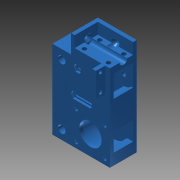
# Autodesk Inventor part: YMotorBlockLeft
Saved by Autodesk Inventor 2015 SP1 (Build 190203100, 203)
## iProperties
Category: Print
Created: 2014-08-14
Part Number: YMotorBlockLeft
Material: ABS Plastic
Document SubType Name: Modeling
Designer: Jack
Density: 1.06 g/cm^3
Appearance: Cyan
Mass: 75.2595 g
Surface Area: 352.616 cm^2
Volume: 70.9995 cm^3
Vendor: Jack
Catalog Web Link: N/A
Author: Jack; Zelogik
Title: Y Motor Block Left
Autodesk Inventor part; units mm, degrees
ref_plane "YZ Plane" through (0, 0, 0) normal (1, 0, 0) x (0, 1, 0)
ref_plane "XZ Plane" through (0, 0, 0) normal (0, 1, 0) x (-1, 0, 0)
ref_plane "XY Plane" through (0, 0, 0) normal (0, 0, 1) x (1, 0, 0)
sketch "Sketch1" plane through (0, 0, 0) normal (0, 1, 0) x (-1, 0, 0)
  line L0 (0, 0) -> (0, -105)
  line L1 (42, 0) -> (0, 0)
  line L2 (0, -105) -> (62, -105)
  line L3 (42, 0) -> (42, -20)
  line L4 (42, -20) -> (62, -20)
  line L5 (62, -20) -> (62, -105)
  dimension "d7" = 105
  dimension "d12" = 62
  dimension "d13" = 20
  dimension "d14" = 20
  constraints: 12 end point, 3 vertical, 2 perpendicular, 1 horizontal, 1 vertical alignment
  measures "d7" distance of L0.start L0.end
  measures "d12" distance of L0.end L2.end
  measures "d13" distance of L1.start L3.end
  measures "d14" distance of L3.end L4.end
extrude "BaseSurface" add sketch "Sketch1" along normal blind 4
sketch "Sketch2" plane through (0, 4, 0) normal (0, 1, 0) x (1, 0, 0)
  line L0 (0, 0) -> (0, 105) projected
  line L1 (0, 105) -> (-62, 105) projected
  line L2 (-62, 105) -> (-62, 20) projected
  line L3 (-62, 20) -> (-42, 20) projected
  line L4 (-42, 20) -> (-42, 0) projected
  line L5 (-42, 0) -> (0, 0) projected
  line L6 (-62, 85) -> (-44.3238, 85)
  line L7 (-6.5778, 93) -> (0, 93)
  line L8 (-8.0385, 73) -> (0, 73)
  line L9 (-10, 71.0385) -> (-10, 46)
  arc A0 (-2, 42.5498) -> (-10, 46) centre (-10, 35) ccw
  line L10 (-2, 42.5498) -> (0, 42.5498)
  arc A1 (-10, 71.0385) -> (-8.0385, 73) centre (-21, 84) ccw
  arc A2 (-6.5778, 93) -> (-36.8602, 90.12) centre (-21, 84) ccw
  arc A3 (-46, 30) -> (-35, 19) centre (-35, 30) ccw
  line L11 (-35, 19) -> (0, 19)
  line L12 (-50, 35) -> (-62, 35)
  line L13 (-46, 30) -> (-46, 31)
  arc A4 (-46, 31) -> (-50, 35) centre (-50, 31) ccw
  arc A5 (-44.3238, 85) -> (-36.8602, 90.12) centre (-44.3238, 93) ccw
  point P0 (-37.9706, 85)
  point P1 (-46, 35)
  dimension "d17" = 21
  dimension "d18" = 21
  dimension "d19" = 20
  dimension "d20" = 12
  dimension "d21" = 32
  dimension "d22" = 10
  dimension "d24" = 35
  dimension "d25" = 10
  dimension "d26" = 2
  dimension "d27" = 17
  dimension "d28" = 17
  dimension "d29" = 11
  dimension "d31" = 30
  dimension "d32" = 27
  dimension "d33" = 15
  dimension "d34" = 11
  dimension "d47" = 4
  dimension "d48" = 8
  constraints: 16 end point, 13 point on circle, 9 point on line, 6 centre point, 6 perpendicular, 6 tangent, 1 horizontal, 1 vertical
  measures "d17" distance from line of L0 A1.centre
  measures "d18" distance from line of L1 A1.centre
  measures "d19" distance between parallel lines of L1 L6
  measures "d20" distance between parallel lines of L1 L7
  measures "d21" distance between parallel lines of L1 L8
  measures "d22" distance between parallel lines of L0 L9
  measures "d24" distance from line of L5 A0.centre
  measures "d25" distance from line of L0 A0.centre
  measures "d26" distance of L10.start L10.end
  measures "d27" radius of A1
  measures "d28" radius of A2
  measures "d29" radius of A0
  measures "d31" distance from line of L5 A3.centre
  measures "d32" distance from line of L2 A3.centre
  measures "d33" distance between parallel lines of L3 L12
  measures "d34" radius of A3
  measures "d47" radius of A4
  measures "d48" radius of A5
extrude "InternalFill" add sketch "Sketch2" along normal blind 21 contours L5 L4 L3 L2 L12 A4 L13 A3 L11 L0 | L10 A0 L9 A1 L8 L0 | L7 A2 A5 L6 L2 L1 L0
sketch "Sketch5" plane through (0, 25, 0) normal (0, 1, 0) x (1, 0, 0)
  line L0 (-42, 20) -> (-42, 0) projected
  line L1 (-42, 0) -> (0, 0) projected
  line L2 (-38, 0) -> (-38, 12)
  line L3 (-38, 12) -> (0, 12)
  line L4 (0, 0) -> (0, 105) projected
  dimension "d43" = 4
  dimension "d44" = 12
  constraints: 4 end point, 2 point on line, 1 perpendicular, 1 vertical
  measures "d43" distance between parallel lines of L0 L2
  measures "d44" distance between parallel lines of L1 L3
extrude "YRodNotch" cut sketch "Sketch5" against normal up to surface (25 mm away)
sketch "Sketch6" plane through (0, 25, 0) normal (0, 1, 0) x (1, 0, 0)
  line L0 (-38, 0) -> (-38, 12) projected
  line L1 (-38, 12) -> (0, 12) projected
  line L2 (-62, 20) -> (-42, 20) projected
  line L3 (-42, 20) -> (-42, 0) projected
  line L4 (-42, 0) -> (-38, 0) projected
  arc A0 (-10, 71.0385) -> (-8.0385, 73) centre (-21, 84) ccw projected
  line L5 (-10, 71.0385) -> (-10, 46) projected
  arc A1 (-2, 42.5498) -> (-10, 46) centre (-10, 35) ccw projected
  line L6 (-2, 42.5498) -> (0, 42.5498) projected
  line L7 (0, 42.5498) -> (0, 73) projected
  line L8 (0, 73) -> (-8.0385, 73) projected
  line L9 (0, 105) -> (-62, 105) projected
  line L10 (-62, 105) -> (-62, 85) projected
  line L11 (-62, 85) -> (-44.3238, 85) projected
  arc A2 (-44.3238, 85) -> (-36.8602, 90.12) centre (-44.3238, 93) ccw projected
  arc A3 (-6.5778, 93) -> (-36.8602, 90.12) centre (-21, 84) ccw projected
  line L12 (-6.5778, 93) -> (0, 93) projected
  line L13 (0, 93) -> (0, 105) projected
  line L14 (-62, 20) -> (-62, 105)
  line L15 (-62, 105) -> (-62, 20) projected
  line L16 (-62, 105) -> (0, 105)
  line L17 (0, 105) -> (0, 12)
  line L18 (0, 12) -> (-38, 12)
  line L19 (0, 12) -> (0, 19) projected
  line L20 (-38, 0) -> (0, 0)
  line L21 (0, 0) -> (0, 12)
  point P0 (-62, 35)
  constraints: 12 end point, 3 collinear, 1 horizontal, 1 perpendicular, 1 vertical
extrude "TopSurface" add sketch "Sketch6" along normal blind 4
sketch "Sketch3" plane through (0, 0, 0) normal (0, -1, 0) x (1, 0, 0)
  arc A0 (-36.8602, -90.12) -> (-6.5778, -93) centre (-21, -84) ccw projected
  arc A1 (-36.8602, -90.12) -> (-6.5778, -93) centre (-21, -84) ccw projected
  circle A2 centre (-21, -84) radius 12
  dimension "d37" = 24
  constraints: 1 centre point, 1 coincident
  measures "d37" diameter of A2
extrude "MotorBulgeCutout" cut sketch "Sketch3" against normal up to surface (4 mm away)
sketch "Sketch7" plane through (0, 29, 0) normal (0, 1, 0) x (1, 0, 0)
  line L0 (0, 0) -> (0, 105) projected
  line L1 (0, 105) -> (-62, 105) projected
  point P0 (0, 10)
  point P1 (-5.5, 68.5)
  point P2 (-5.5, 99.5)
  point P3 (-36.5, 99.5)
  point P4 (-36.5, 68.5)
  dimension "d51" = 31
  dimension "d52" = 31
  dimension "d53" = 5.5
  dimension "d54" = 5.5
  constraints: 2 horizontal alignment, 2 vertical alignment
  measures "d51" distance of point (-36.5, 99.5) point (-36.5, 68.5)
  measures "d52" distance of point (-5.5, 68.5) point (-36.5, 68.5)
  measures "d53" distance from line of L0 point (-5.5, 99.5)
  measures "d54" distance from line of L1 point (-5.5, 99.5)
hole "MotorMountHoles" at (-5.5, 29, -68.5) at (-5.5, 29, -99.5) at (-36.5, 29, -99.5) at (-36.5, 29, -68.5) direction (0, -1, 0) diameter 3.5 end through all counterbore diameter 6.5 counterbore depth 25
sketch "Sketch8" plane through (0, 29, 0) normal (0, 1, 0) x (1, 0, 0)
  arc A0 (-2, 42.5498) -> (-10, 46) centre (-10, 35) ccw projected
  arc A1 (-46, 30) -> (-35, 19) centre (-35, 30) ccw projected
  arc A2 (-46, 30) -> (-35, 19) centre (-35, 30) ccw projected
hole "IdlerBearingHoles" at (-35, 29, -30) at (-10, 29, -35) direction (0, -1, 0) diameter 4.5 end through all counterbore diameter 8 counterbore depth 1.5
sketch "Sketch9" plane through (0, 0, 0) normal (0, -1, 0) x (1, 0, 0)
  circle A0 centre (-35, -30) radius 2.25 projected
  circle A1 centre (-10, -35) radius 2.25 projected
  line L0 (-12.1362, -38.7) -> (-14.2724, -35)
  line L1 (-14.2724, -35) -> (-12.1362, -31.3)
  line L2 (-12.1362, -31.3) -> (-7.8638, -31.3)
  line L3 (-7.8638, -31.3) -> (-5.7276, -35)
  line L4 (-5.7276, -35) -> (-7.8638, -38.7)
  line L5 (-7.8638, -38.7) -> (-12.1362, -38.7)
  line L6 (-32.8638, -33.7) -> (-37.1362, -33.7)
  line L7 (-37.1362, -33.7) -> (-39.2724, -30)
  line L8 (-39.2724, -30) -> (-37.1362, -26.3)
  line L9 (-37.1362, -26.3) -> (-32.8638, -26.3)
  line L10 (-32.8638, -26.3) -> (-30.7276, -30)
  line L11 (-30.7276, -30) -> (-32.8638, -33.7)
  point P0 (0, 0)
  dimension "d69" = 7.4
  constraints: 24 end point, 2 coincident, 2 horizontal, 1 equal length, 26 other
  measures "d69" distance between parallel lines of L4 L1
extrude "IdlerBearingNutTrap" cut sketch "Sketch9" against normal blind 2.5
sketch "Sketch10" plane through (0, 29, 0) normal (0, 1, 0) x (1, 0, 0)
  line L0 (0, 105) -> (-62, 105) projected
  line L1 (-62, 105) -> (-62, 20) projected
  line L2 (-23, 56.5) -> (-38, 56.5) construction
  line L3 (-23, 58.75) -> (-38, 58.75)
  line L4 (-38, 54.25) -> (-23, 54.25)
  arc A0 (-23, 54.25) -> (-23, 58.75) centre (-23, 56.5) ccw
  arc A1 (-38, 58.75) -> (-38, 54.25) centre (-38, 56.5) ccw
  point P0 (-30.5, 56.5)
  dimension "d72" = 15
  dimension "d73" = 4.5
  dimension "d74" = 48.5
  dimension "d75" = 24
  constraints: 8 end point, 4 point on circle, 4 tangent, 2 centre point, 1 horizontal, 1 midpoint, 1 parallel
  measures "d72" distance of L2.start L2.end
  measures "d73" diameter of A1
  measures "d74" distance from line of L0 L2.end
  measures "d75" distance from line of L1 L2.end
extrude "TensionerBearingSlot" cut sketch "Sketch10" against normal up to surface (29 mm away)
sketch "Sketch11" plane through (0, 29, 0) normal (0, 1, 0) x (1, 0, 0)
  line L0 (-38, 58.75) -> (-23, 58.75) projected
  arc A0 (-23, 54.25) -> (-23, 58.75) centre (-23, 56.5) ccw projected
  line L1 (-23, 54.25) -> (-38, 54.25) projected
  arc A1 (-38, 58.75) -> (-38, 54.25) centre (-38, 56.5) ccw projected
  line L2 (-23, 56.5) -> (-38, 56.5) construction
  line L3 (-23, 60.5) -> (-38, 60.5)
  line L4 (-38, 52.5) -> (-23, 52.5)
  arc A2 (-23, 52.5) -> (-23, 60.5) centre (-23, 56.5) ccw
  arc A3 (-38, 60.5) -> (-38, 52.5) centre (-38, 56.5) ccw
  point P0 (-30.5, 56.5)
  dimension "d78" = 8
  constraints: 8 end point, 4 point on circle, 4 tangent, 2 centre point, 1 horizontal, 1 midpoint, 1 parallel
  measures "d78" diameter of A3
extrude "TensionerBearingHeadSlot" cut sketch "Sketch11" against normal blind 1.5
sketch "Sketch12" plane through (0, 0, 0) normal (0, -1, 0) x (1, 0, 0)
  arc A0 (-38, -54.25) -> (-38, -58.75) centre (-38, -56.5) ccw projected
  arc A1 (-23, -58.75) -> (-23, -54.25) centre (-23, -56.5) ccw projected
  line L0 (-18.7276, -56.5) -> (-20.8638, -60.2)
  line L1 (-20.8638, -60.2) -> (-25.1362, -60.2)
  line L2 (-25.1362, -60.2) -> (-27.2724, -56.5)
  line L3 (-27.2724, -56.5) -> (-25.1362, -52.8)
  line L4 (-25.1362, -52.8) -> (-20.8638, -52.8)
  line L5 (-20.8638, -52.8) -> (-18.7276, -56.5)
  line L6 (-42.2724, -56.5) -> (-40.1362, -52.8)
  line L7 (-40.1362, -52.8) -> (-35.8638, -52.8)
  line L8 (-35.8638, -52.8) -> (-33.7276, -56.5)
  line L9 (-33.7276, -56.5) -> (-35.8638, -60.2)
  line L10 (-35.8638, -60.2) -> (-40.1362, -60.2)
  line L11 (-40.1362, -60.2) -> (-42.2724, -56.5)
  line L12 (-35.8638, -52.8) -> (-25.1362, -52.8)
  line L13 (-25.1362, -60.2) -> (-35.8638, -60.2)
  point P0 (0, 0)
  dimension "d201" = 7.4
  constraints: 28 end point, 2 coincident, 2 horizontal, 1 horizontal alignment, 26 other
  measures "d201" distance between parallel lines of L1 L4
extrude "TensionerBearingNutSlot" cut sketch "Sketch12" against normal blind 2.5
sketch "Sketch13" plane through (0, 0, 0) normal (0, -1, 0) x (1, 0, 0)
  line L0 (-62, -20) -> (-42, -20) projected
  line L1 (-62, -105) -> (-62, -20) projected
  line L2 (0, -105) -> (-62, -105) projected
  point P0 (0, 0)
  point P1 (-52, -30)
  point P2 (-52, -95)
  dimension "d84" = 10
  dimension "d85" = 10
  dimension "d86" = 10
  constraints: 1 vertical alignment
  measures "d84" distance from line of L1 point (-52, -30)
  measures "d85" distance from line of L0 point (-52, -30)
  measures "d86" distance from line of L2 point (-52, -95)
hole "FrameMountHolesBack" at (-52, 0, -30) at (-52, 0, -95) direction (0, 1, 0) diameter 4.5 end through all counterbore diameter 8 counterbore depth 25
sketch "Sketch14" plane through (0, 0, -12) normal (1, 0, 0) x (0, 0, -1)
  line L0 (-12, 29) -> (93, 29) projected
  line L1 (0, 25) -> (0, 0) projected
  circle A0 centre (0, 14.5) radius 4.1
  point P0 (-12, 0)
  dimension "d94" = 8.2
  dimension "d96" = 14.5
  constraints: 1 centre point, 1 point on line
  measures "d94" diameter of A0
  measures "d96" distance from line of L0 A0.centre
extrude "YRodHole" cut sketch "Sketch14" against normal up to surface (38 mm away)
sketch "Sketch43" plane through (-38, 0, 0) normal (1, 0, 0) x (0, 0, -1)
  line L0 (0, 0) -> (0, 25) projected
  arc A0 (12, 10.4) -> (12, 18.6) centre (12, 14.5) ccw projected
  circle A1 centre (10, 14.5) radius 2.25
  dimension "d218" = 4.5
  dimension "d219" = 10
  constraints: 1 centre point, 1 horizontal alignment
  measures "d218" diameter of A1
  measures "d219" distance from line of L0 A1.centre
extrude "Extrusion35" cut sketch "Sketch43" against normal up to surface (4 mm away)
sketch "Sketch44" plane through (-38, 0, -12) normal (0, 0, 1) x (1, 0, 0)
  line L0 (0, 10.4) -> (0, 0) projected
  line L1 (38, 0) -> (0, 0) projected
  line L2 (38, 10.4) -> (38, 0) projected
  line L3 (0, 18.6) -> (38, 18.6) projected
  line L4 (38, 25) -> (38, 18.6) projected
  line L5 (0, 25) -> (38, 25) projected
  line L6 (0, 25) -> (0, 18.6) projected
  circle A0 centre (6, 4.5) radius 2.25
  circle A1 centre (32, 4.5) radius 2.25
  circle A2 centre (6, 21) radius 2.25
  circle A3 centre (32, 21) radius 2.25
  dimension "d226" = 6
  dimension "d227" = 6
  dimension "d228" = 4.5
  dimension "d229" = 4
  dimension "d259" = 4.5
  constraints: 4 centre point, 3 equal radius, 2 horizontal alignment, 2 vertical alignment
  measures "d226" distance from line of L0 A0.centre
  measures "d227" distance from line of L2 A1.centre
  measures "d228" distance from line of L1 A0.centre
  measures "d229" distance from line of L5 A2.centre
  measures "d259" diameter of A2
extrude "Extrusion36" cut sketch "Sketch44" against normal up to surface (7 mm away) contours A0 | A1 | A2 | A3
sketch "Sketch45" plane through (0, 25, 0) normal (0, -1, 0) x (1, 0, 0)
  line L0 (-38, 0) -> (-38, -12) projected
  line L1 (-38, 0) -> (0, 0) projected
  circle A0 centre (-19, -10) radius 2.25
  dimension "d232" = 4.5
  dimension "d233" = 19
  dimension "d234" = 10
  constraints: 1 centre point
  measures "d232" diameter of A0
  measures "d233" distance from line of L0 A0.centre
  measures "d234" distance from line of L1 A0.centre
extrude "Extrusion37" cut sketch "Sketch45" against normal up to surface (4 mm away)
ref_plane "Work Plane3" through (-19, 0, 0) normal (1, 0, 0) x (0, 0, -1)
sketch "Sketch46" plane through (-19, 0, 0) normal (1, 0, 0) x (0, 0, -1)
  line L0 (12, 25) -> (7.75, 25) projected
  line L1 (7.75, 29) -> (12.25, 29) projected
  line L2 (12, 25) -> (12, 25) projected
  line L3 (12, 25) -> (12, 25) projected
  line L4 (0, 25) -> (12, 25) projected
  line L5 (10, 25) -> (5.75, 25)
  line L6 (5.75, 25) -> (7.75, 27.5)
  line L7 (7.75, 27.5) -> (10, 27.5)
  line L8 (10, 27.5) -> (10, 25)
  point P0 (0, 0)
  point P1 (10, 29)
  dimension "d238" = 4.25
  dimension "d239" = 2.5
  constraints: 8 end point, 2 point on line, 2 vertical alignment, 1 midpoint, 1 parallel, 1 perpendicular
  measures "d238" distance of L5.start L5.end
  measures "d239" distance between parallel lines of L0 L7
revolve "Revolution6" cut sketch "Sketch46" angle 360 about axis through (-19, 27.5, -10) along (0, -1, 0)
sketch "Sketch47" plane through (0, 25, 0) normal (0, -1, 0) x (1, 0, 0)
  arc A0 (-15.25, -12) -> (-22.75, -12) centre (-19, -10) ccw projected
  arc A1 (-22.75, -12) -> (-15.25, -12) centre (-19, -10) ccw projected
  circle A2 centre (-19, -10) radius 2.25 projected
extrude "Extrusion38" cut sketch "Sketch47" along normal blind 6 contours A1 A0 | A2
sketch "Sketch48" plane through (0, 25, -19) normal (0, 0, -1) x (-1, 0, 0)
  arc A0 (34.1937, -21) -> (29.8063, -21) centre (32, -20.5) ccw projected
  arc A1 (8.1937, -21) -> (3.8063, -21) centre (6, -20.5) ccw projected
  circle A2 centre (6, -4) radius 2.25 projected
  circle A3 centre (32, -4) radius 2.25 projected
  line L0 (10.2724, -4) -> (8.1362, -7.7)
  line L1 (8.1362, -7.7) -> (3.8638, -7.7)
  line L2 (3.8638, -7.7) -> (1.7276, -4)
  line L3 (1.7276, -4) -> (3.8638, -0.3)
  line L4 (3.8638, -0.3) -> (8.1362, -0.3)
  line L5 (8.1362, -0.3) -> (10.2724, -4)
  line L6 (10.2724, -20.5) -> (8.1362, -24.2)
  line L7 (8.1362, -24.2) -> (3.8638, -24.2)
  line L8 (3.8638, -24.2) -> (1.7276, -20.5)
  line L9 (1.7276, -20.5) -> (3.8638, -16.8)
  line L10 (3.8638, -16.8) -> (8.1362, -16.8)
  line L11 (8.1362, -16.8) -> (10.2724, -20.5)
  line L12 (27.7276, -20.5) -> (29.8638, -16.8)
  line L13 (29.8638, -16.8) -> (34.1362, -16.8)
  line L14 (34.1362, -16.8) -> (36.2724, -20.5)
  line L15 (36.2724, -20.5) -> (34.1362, -24.2)
  line L16 (34.1362, -24.2) -> (29.8638, -24.2)
  line L17 (29.8638, -24.2) -> (27.7276, -20.5)
  line L18 (27.7276, -4) -> (29.8638, -0.3)
  line L19 (29.8638, -0.3) -> (34.1362, -0.3)
  line L20 (34.1362, -0.3) -> (36.2724, -4)
  line L21 (36.2724, -4) -> (34.1362, -7.7)
  line L22 (34.1362, -7.7) -> (29.8638, -7.7)
  line L23 (29.8638, -7.7) -> (27.7276, -4)
  point P0 (0, -25)
  dimension "d243" = 7.4
  constraints: 48 end point, 4 coincident, 4 horizontal, 3 equal length, 52 other
  measures "d243" distance between parallel lines of L16 L13
extrude "Extrusion39" cut sketch "Sketch48" along normal blind 4 and the other way blind 4
ref_plane "Work Plane4" through (-42, 0, -10) normal (0, 0, 1) x (1, 0, 0)
sketch "Sketch49" plane through (-42, 0, -10) normal (0, 0, 1) x (1, 0, 0)
  line L0 (0, 12.25) -> (0, 16.75) projected
  line L1 (4, 16.75) -> (4, 12.25) projected
  line L2 (4, 10.4) -> (4, 18.6) projected
  line L3 (4, 14.5) -> (4, 18.75)
  line L4 (4, 25) -> (4, 18.6) projected
  line L5 (4, 18.75) -> (1.5, 16.75)
  line L6 (1.5, 16.75) -> (1.5, 14.5)
  line L7 (1.5, 14.5) -> (4, 14.5)
  point P0 (42, 0)
  dimension "d249" = 4.25
  dimension "d250" = 2.5
  constraints: 8 end point, 1 horizontal alignment, 1 midpoint, 1 parallel, 1 perpendicular, 1 point on line
  measures "d249" distance of L3.start L3.end
  measures "d250" distance between parallel lines of L1 L6
revolve "Revolution7" cut sketch "Sketch49" angle 360 about axis through (-40.5, 14.5, -10) along (1, 0, 0)
sketch "Sketch51" plane through (0, 4, 0) normal (0, 1, 0) x (1, 0, 0)
  circle A0 centre (-35, 30) radius 2.25 projected
  circle A1 centre (-35, 30) radius 4.75
  point P0 (0, 0)
  dimension "d254" = 9.5
  constraints: 1 centre point, 1 coincident
  measures "d254" diameter of A1
extrude "Extrusion41" cut sketch "Sketch51" against normal blind 0.25
ref_plane "Work Plane5" through (-5.1, 0, -12) normal (1, 0, 0) x (0, 0, -1)
sketch "Sketch53" plane through (-5.1, 0, -12) normal (1, 0, 0) x (0, 0, -1)
  line L0 (0, 0) -> (93, 0) projected
  line L1 (0, 10.4) -> (0, 0) projected
  line L2 (0, 0) -> (0, -10)
  line L3 (0, -10) -> (26.7, -10)
  line L4 (26.7, -10) -> (26.7, 0)
  point P0 (-12, 0)
  dimension "d261" = 10
  dimension "d262" = 26.7
  constraints: 6 end point, 2 perpendicular, 1 point on line, 1 vertical
  measures "d261" distance of L0.start L2.end
  measures "d262" distance of L2.end L3.end
extrude "Extrusion43" add sketch "Sketch53" against normal blind 4
sketch "Sketch54" plane through (-5.1, 0, -12) normal (1, 0, 0) x (0, 0, -1)
  line L0 (26.7, 0) -> (93, 0) projected
  line L1 (26.7, 0) -> (26.7, -10) projected
  circle A0 centre (3.75, -5) radius 1.75
  circle A1 centre (22.75, -5) radius 1.75
  line L2 (0, -10) -> (0, 10.4) projected
  point P0 (-12, 0)
  point P1 (0, 0)
  dimension "d265" = 3.5
  dimension "d266" = 5
  dimension "d268" = 3.95
  dimension "d274" = 3.75
  constraints: 2 centre point, 1 equal radius, 1 horizontal alignment
  measures "d265" diameter of A0
  measures "d266" distance from line of L0 A0.centre
  measures "d268" distance from line of L1 A1.centre
  measures "d274" distance from line of L2 A0.centre
extrude "Extrusion44" cut sketch "Sketch54" against normal up to next
sketch "Sketch55" plane through (-9.1, 0, -12) normal (-1, 0, 0) x (0, 0, 1)
  circle A0 centre (-3.75, -5) radius 1.75 projected
  circle A1 centre (-22.75, -5) radius 1.75 projected
  line L0 (-21.0757, -2.1) -> (-19.4014, -5)
  line L1 (-19.4014, -5) -> (-21.0757, -7.9)
  line L2 (-21.0757, -7.9) -> (-24.4243, -7.9)
  line L3 (-24.4243, -7.9) -> (-26.0986, -5)
  line L4 (-26.0986, -5) -> (-24.4243, -2.1)
  line L5 (-24.4243, -2.1) -> (-21.0757, -2.1)
  line L6 (-2.0757, -2.1) -> (-0.4014, -5)
  line L7 (-0.4014, -5) -> (-2.0757, -7.9)
  line L8 (-2.0757, -7.9) -> (-5.4243, -7.9)
  line L9 (-5.4243, -7.9) -> (-7.0986, -5)
  line L10 (-7.0986, -5) -> (-5.4243, -2.1)
  line L11 (-5.4243, -2.1) -> (-2.0757, -2.1)
  point P0 (12, 0)
  dimension "d271" = 5.8
  constraints: 24 end point, 2 coincident, 2 horizontal, 1 parallel, 26 other
  measures "d271" distance between parallel lines of L4 L1
extrude "Extrusion45" cut sketch "Sketch55" against normal blind 2.5
sketch "Sketch56" plane through (-9.1, 0, -31.3) normal (0, 1, 0) x (1, 0, 0)
  line L0 (0, 0) -> (1.2362, 0) projected
  line L1 (1.2362, 0) -> (3.3724, 3.7) projected
  line L2 (3.3724, 3.7) -> (1.2362, 7.4) projected
  line L3 (1.2362, 7.4) -> (0, 7.4) projected
  line L4 (0, 0) -> (0, 7.4) projected
  point P0 (9.1, -31.3)
extrude "Extrusion46" cut sketch "Sketch56" against normal blind 1
sketch "Sketch57" plane through (-9.1, -1, -31.3) normal (0, 1, 0) x (1, 0, 0)
  line L0 (1.2362, 0) -> (0, 0) projected
  line L1 (3.3724, 3.7) -> (1.2362, 0) projected
  line L2 (1.2362, 7.4) -> (3.3724, 3.7) projected
  line L3 (0, 7.4) -> (1.2362, 7.4) projected
  line L4 (0, 0) -> (0, 7.4) projected
  point P0 (9.1, -31.3)
extrude "Extrusion47" cut sketch "Sketch57" against normal blind 2.5
body "Solid1"

# # # # # # #

THE TASK
For each line in the material above that holds the word "axis", add one to a count; state only the final number.

ANSWER TO THE EXERCISE
2